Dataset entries
========================================
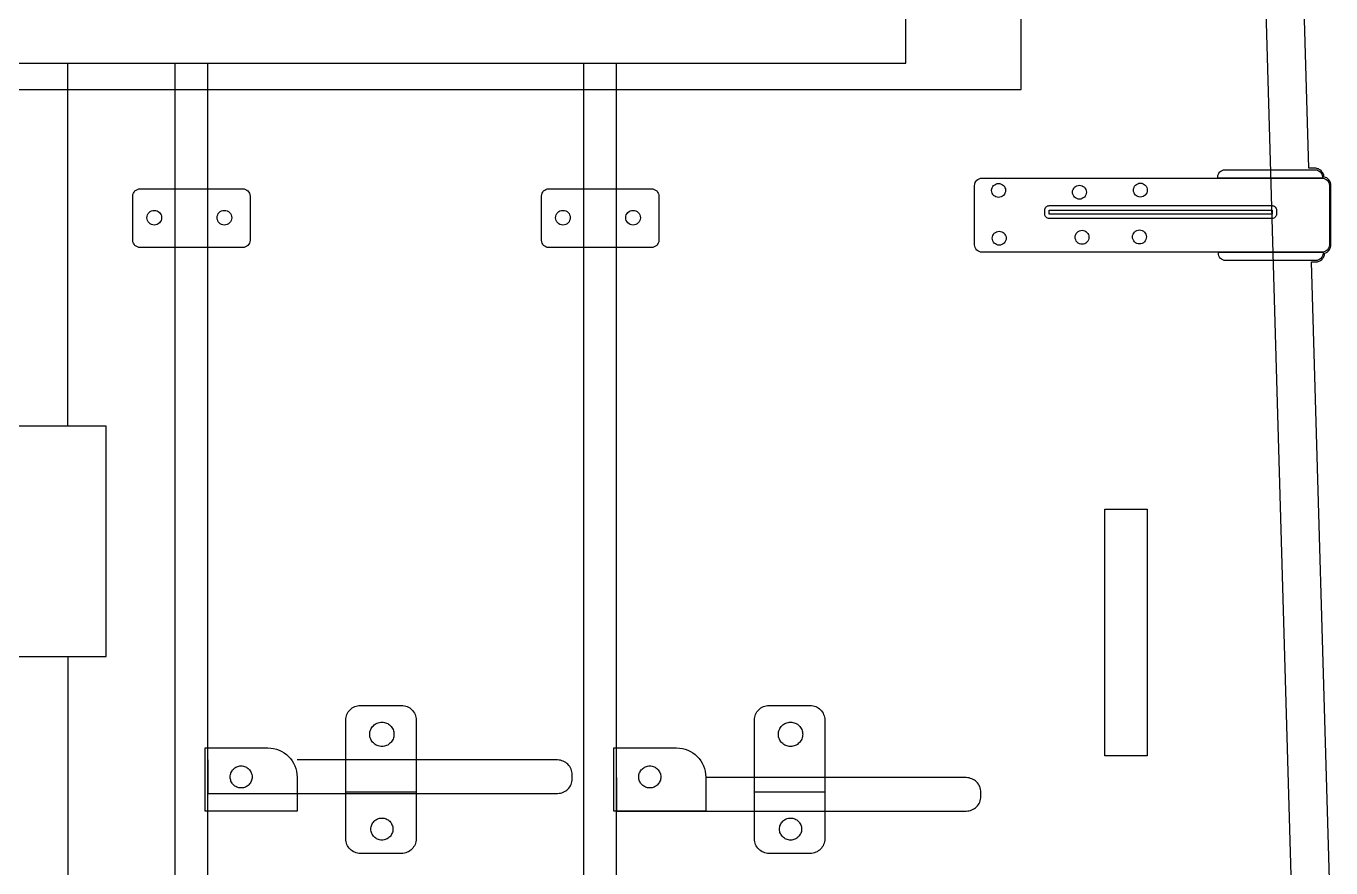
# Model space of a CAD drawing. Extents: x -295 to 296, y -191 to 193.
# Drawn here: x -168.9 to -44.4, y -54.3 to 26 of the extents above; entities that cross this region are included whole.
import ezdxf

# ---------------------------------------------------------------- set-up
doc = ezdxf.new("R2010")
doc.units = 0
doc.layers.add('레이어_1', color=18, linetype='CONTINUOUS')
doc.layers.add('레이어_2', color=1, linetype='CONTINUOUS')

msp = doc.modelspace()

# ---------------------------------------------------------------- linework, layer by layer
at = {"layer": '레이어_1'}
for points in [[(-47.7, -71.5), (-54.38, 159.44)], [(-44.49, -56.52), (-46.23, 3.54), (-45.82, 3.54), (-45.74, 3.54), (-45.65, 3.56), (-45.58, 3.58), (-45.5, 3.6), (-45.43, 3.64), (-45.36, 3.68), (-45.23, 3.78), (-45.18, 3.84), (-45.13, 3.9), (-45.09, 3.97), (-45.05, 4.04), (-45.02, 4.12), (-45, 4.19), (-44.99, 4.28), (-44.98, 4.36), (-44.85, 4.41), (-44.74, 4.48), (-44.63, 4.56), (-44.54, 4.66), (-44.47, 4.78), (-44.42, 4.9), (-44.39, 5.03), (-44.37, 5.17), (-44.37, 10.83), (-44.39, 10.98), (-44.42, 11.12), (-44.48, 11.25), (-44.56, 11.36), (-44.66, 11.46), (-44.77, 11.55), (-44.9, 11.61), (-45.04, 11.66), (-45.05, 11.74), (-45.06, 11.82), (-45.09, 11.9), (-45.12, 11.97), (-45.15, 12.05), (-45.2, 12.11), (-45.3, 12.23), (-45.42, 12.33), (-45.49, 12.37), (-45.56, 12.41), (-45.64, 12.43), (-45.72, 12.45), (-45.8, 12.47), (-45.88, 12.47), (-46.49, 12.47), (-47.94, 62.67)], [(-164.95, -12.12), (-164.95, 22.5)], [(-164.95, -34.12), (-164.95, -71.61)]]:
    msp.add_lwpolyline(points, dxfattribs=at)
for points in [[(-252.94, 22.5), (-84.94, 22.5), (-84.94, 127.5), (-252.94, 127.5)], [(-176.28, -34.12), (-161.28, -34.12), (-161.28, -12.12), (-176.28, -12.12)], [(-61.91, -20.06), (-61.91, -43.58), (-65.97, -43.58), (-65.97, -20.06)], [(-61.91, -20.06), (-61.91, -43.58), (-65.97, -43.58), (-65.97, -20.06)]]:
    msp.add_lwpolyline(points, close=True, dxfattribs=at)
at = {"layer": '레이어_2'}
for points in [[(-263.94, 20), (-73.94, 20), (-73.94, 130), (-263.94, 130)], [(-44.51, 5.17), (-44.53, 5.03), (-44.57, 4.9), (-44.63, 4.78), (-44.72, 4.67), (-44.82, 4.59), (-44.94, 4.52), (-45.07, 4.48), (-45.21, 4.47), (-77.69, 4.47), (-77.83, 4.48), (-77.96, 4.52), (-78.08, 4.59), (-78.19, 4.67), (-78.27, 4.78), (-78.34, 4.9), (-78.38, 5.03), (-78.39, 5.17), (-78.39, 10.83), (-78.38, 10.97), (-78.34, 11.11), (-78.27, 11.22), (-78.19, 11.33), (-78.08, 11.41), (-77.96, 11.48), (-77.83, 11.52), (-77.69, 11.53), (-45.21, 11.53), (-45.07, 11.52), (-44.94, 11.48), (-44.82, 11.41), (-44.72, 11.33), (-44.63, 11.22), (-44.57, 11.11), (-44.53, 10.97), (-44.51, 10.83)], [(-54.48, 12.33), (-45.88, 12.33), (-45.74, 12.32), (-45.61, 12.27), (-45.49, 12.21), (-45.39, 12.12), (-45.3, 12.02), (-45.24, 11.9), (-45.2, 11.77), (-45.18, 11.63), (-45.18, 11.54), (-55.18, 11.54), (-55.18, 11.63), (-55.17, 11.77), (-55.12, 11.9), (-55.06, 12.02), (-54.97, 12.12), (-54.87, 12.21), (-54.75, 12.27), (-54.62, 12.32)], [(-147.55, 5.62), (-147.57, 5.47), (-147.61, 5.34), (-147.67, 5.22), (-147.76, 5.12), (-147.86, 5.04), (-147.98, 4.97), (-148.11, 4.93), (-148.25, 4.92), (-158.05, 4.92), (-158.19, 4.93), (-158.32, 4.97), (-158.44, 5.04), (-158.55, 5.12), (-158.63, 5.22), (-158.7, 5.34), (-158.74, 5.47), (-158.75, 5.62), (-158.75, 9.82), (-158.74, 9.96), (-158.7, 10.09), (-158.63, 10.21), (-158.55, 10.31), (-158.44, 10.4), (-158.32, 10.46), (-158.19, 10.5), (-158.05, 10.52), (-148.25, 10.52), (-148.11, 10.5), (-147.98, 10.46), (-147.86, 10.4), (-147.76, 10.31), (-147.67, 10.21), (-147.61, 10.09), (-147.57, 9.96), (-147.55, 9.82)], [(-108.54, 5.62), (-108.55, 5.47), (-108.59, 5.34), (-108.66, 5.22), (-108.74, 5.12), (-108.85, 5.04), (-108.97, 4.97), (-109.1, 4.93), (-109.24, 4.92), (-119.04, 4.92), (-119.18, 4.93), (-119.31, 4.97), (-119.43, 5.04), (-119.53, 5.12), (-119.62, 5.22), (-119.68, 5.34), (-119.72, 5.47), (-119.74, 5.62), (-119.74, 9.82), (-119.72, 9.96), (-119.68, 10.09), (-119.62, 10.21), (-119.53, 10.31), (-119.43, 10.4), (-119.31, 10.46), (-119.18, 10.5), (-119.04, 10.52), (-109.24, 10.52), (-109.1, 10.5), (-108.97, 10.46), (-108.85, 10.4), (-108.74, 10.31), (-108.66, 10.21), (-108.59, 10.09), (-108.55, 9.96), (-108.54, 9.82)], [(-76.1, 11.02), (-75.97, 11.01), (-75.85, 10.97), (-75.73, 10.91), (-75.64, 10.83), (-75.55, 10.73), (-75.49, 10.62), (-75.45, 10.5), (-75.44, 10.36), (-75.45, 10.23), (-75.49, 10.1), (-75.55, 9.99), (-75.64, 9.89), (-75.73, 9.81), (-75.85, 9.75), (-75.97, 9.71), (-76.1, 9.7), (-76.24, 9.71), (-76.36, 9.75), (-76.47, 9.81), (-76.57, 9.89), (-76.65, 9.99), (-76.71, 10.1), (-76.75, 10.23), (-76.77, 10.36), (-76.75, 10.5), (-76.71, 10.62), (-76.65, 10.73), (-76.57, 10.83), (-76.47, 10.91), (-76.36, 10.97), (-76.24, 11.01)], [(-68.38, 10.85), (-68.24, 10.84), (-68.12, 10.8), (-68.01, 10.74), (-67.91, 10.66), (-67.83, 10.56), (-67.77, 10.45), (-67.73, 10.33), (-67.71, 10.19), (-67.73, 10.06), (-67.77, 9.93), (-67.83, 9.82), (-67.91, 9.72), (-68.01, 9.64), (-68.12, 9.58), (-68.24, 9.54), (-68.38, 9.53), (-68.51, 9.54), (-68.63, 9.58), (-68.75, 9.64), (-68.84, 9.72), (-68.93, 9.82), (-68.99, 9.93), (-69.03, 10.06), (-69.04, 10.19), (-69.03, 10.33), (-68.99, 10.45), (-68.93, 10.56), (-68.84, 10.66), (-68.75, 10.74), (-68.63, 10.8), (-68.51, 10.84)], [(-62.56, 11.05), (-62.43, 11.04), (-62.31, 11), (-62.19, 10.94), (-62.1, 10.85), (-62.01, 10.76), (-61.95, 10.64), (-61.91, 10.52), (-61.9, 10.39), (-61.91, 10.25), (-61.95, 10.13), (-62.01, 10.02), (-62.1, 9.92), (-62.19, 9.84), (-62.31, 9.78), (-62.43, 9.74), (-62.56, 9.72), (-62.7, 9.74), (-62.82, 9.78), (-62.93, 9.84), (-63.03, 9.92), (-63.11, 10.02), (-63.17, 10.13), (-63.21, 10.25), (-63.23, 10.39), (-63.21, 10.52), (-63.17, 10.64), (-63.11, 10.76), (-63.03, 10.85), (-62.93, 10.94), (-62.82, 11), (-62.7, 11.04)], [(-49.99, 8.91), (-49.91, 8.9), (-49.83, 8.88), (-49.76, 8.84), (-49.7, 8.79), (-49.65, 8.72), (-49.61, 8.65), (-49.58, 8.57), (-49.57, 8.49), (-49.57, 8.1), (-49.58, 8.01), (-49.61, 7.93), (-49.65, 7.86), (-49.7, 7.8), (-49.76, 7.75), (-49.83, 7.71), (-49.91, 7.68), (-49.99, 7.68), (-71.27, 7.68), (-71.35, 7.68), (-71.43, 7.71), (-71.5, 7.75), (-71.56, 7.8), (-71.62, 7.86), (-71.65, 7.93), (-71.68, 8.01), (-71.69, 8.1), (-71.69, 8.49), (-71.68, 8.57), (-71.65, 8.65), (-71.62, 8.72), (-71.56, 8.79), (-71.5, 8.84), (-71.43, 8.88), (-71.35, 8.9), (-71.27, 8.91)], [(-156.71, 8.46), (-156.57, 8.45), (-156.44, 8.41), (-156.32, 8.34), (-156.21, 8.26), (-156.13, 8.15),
========================================
About this exercise → Copy out each line of the data above, exactly, if it lies between the line holding "import ezdxf" and the line holding "msp = doc.modelspace()", inclusive; copy no other line.

Exercise output →
import ezdxf

# ---------------------------------------------------------------- set-up
doc = ezdxf.new("R2010")
doc.units = 0
doc.layers.add('레이어_1', color=18, linetype='CONTINUOUS')
doc.layers.add('레이어_2', color=1, linetype='CONTINUOUS')

msp = doc.modelspace()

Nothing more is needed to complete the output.